(Stored records)
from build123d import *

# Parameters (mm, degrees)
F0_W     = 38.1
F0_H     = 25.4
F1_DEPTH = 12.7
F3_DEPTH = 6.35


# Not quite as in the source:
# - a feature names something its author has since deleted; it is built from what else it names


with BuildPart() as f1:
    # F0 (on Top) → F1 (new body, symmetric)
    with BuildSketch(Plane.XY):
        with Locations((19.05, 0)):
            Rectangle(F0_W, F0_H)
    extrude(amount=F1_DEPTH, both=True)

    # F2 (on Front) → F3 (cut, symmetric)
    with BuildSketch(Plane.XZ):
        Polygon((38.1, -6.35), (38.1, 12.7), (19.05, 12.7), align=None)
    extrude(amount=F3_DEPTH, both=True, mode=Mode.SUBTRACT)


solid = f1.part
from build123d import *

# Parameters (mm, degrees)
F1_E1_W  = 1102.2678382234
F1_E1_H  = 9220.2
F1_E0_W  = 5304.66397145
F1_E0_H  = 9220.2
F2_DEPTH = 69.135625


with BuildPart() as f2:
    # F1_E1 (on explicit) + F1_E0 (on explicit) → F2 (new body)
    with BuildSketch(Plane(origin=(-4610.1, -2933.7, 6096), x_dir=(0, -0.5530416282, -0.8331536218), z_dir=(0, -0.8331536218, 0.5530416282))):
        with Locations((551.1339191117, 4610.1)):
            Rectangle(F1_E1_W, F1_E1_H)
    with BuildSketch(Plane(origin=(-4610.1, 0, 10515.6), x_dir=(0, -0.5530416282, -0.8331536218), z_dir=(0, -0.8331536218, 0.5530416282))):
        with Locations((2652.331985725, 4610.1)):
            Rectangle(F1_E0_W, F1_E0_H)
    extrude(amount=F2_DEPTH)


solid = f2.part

■ THE TASK
All of the entries should be output exactly as they appear above.

■ OUTPUT OF THE EXERCISE
from build123d import *

# Parameters (mm, degrees)
F0_W     = 38.1
F0_H     = 25.4
F1_DEPTH = 12.7
F3_DEPTH = 6.35


# Not quite as in the source:
# - a feature names something its author has since deleted; it is built from what else it names


with BuildPart() as f1:
    # F0 (on Top) → F1 (new body, symmetric)
    with BuildSketch(Plane.XY):
        with Locations((19.05, 0)):
            Rectangle(F0_W, F0_H)
    extrude(amount=F1_DEPTH, both=True)

    # F2 (on Front) → F3 (cut, symmetric)
    with BuildSketch(Plane.XZ):
        Polygon((38.1, -6.35), (38.1, 12.7), (19.05, 12.7), align=None)
    extrude(amount=F3_DEPTH, both=True, mode=Mode.SUBTRACT)


solid = f1.part
from build123d import *

# Parameters (mm, degrees)
F1_E1_W  = 1102.2678382234
F1_E1_H  = 9220.2
F1_E0_W  = 5304.66397145
F1_E0_H  = 9220.2
F2_DEPTH = 69.135625


with BuildPart() as f2:
    # F1_E1 (on explicit) + F1_E0 (on explicit) → F2 (new body)
    with BuildSketch(Plane(origin=(-4610.1, -2933.7, 6096), x_dir=(0, -0.5530416282, -0.8331536218), z_dir=(0, -0.8331536218, 0.5530416282))):
        with Locations((551.1339191117, 4610.1)):
            Rectangle(F1_E1_W, F1_E1_H)
    with BuildSketch(Plane(origin=(-4610.1, 0, 10515.6), x_dir=(0, -0.5530416282, -0.8331536218), z_dir=(0, -0.8331536218, 0.5530416282))):
        with Locations((2652.331985725, 4610.1)):
            Rectangle(F1_E0_W, F1_E0_H)
    extrude(amount=F2_DEPTH)


solid = f2.part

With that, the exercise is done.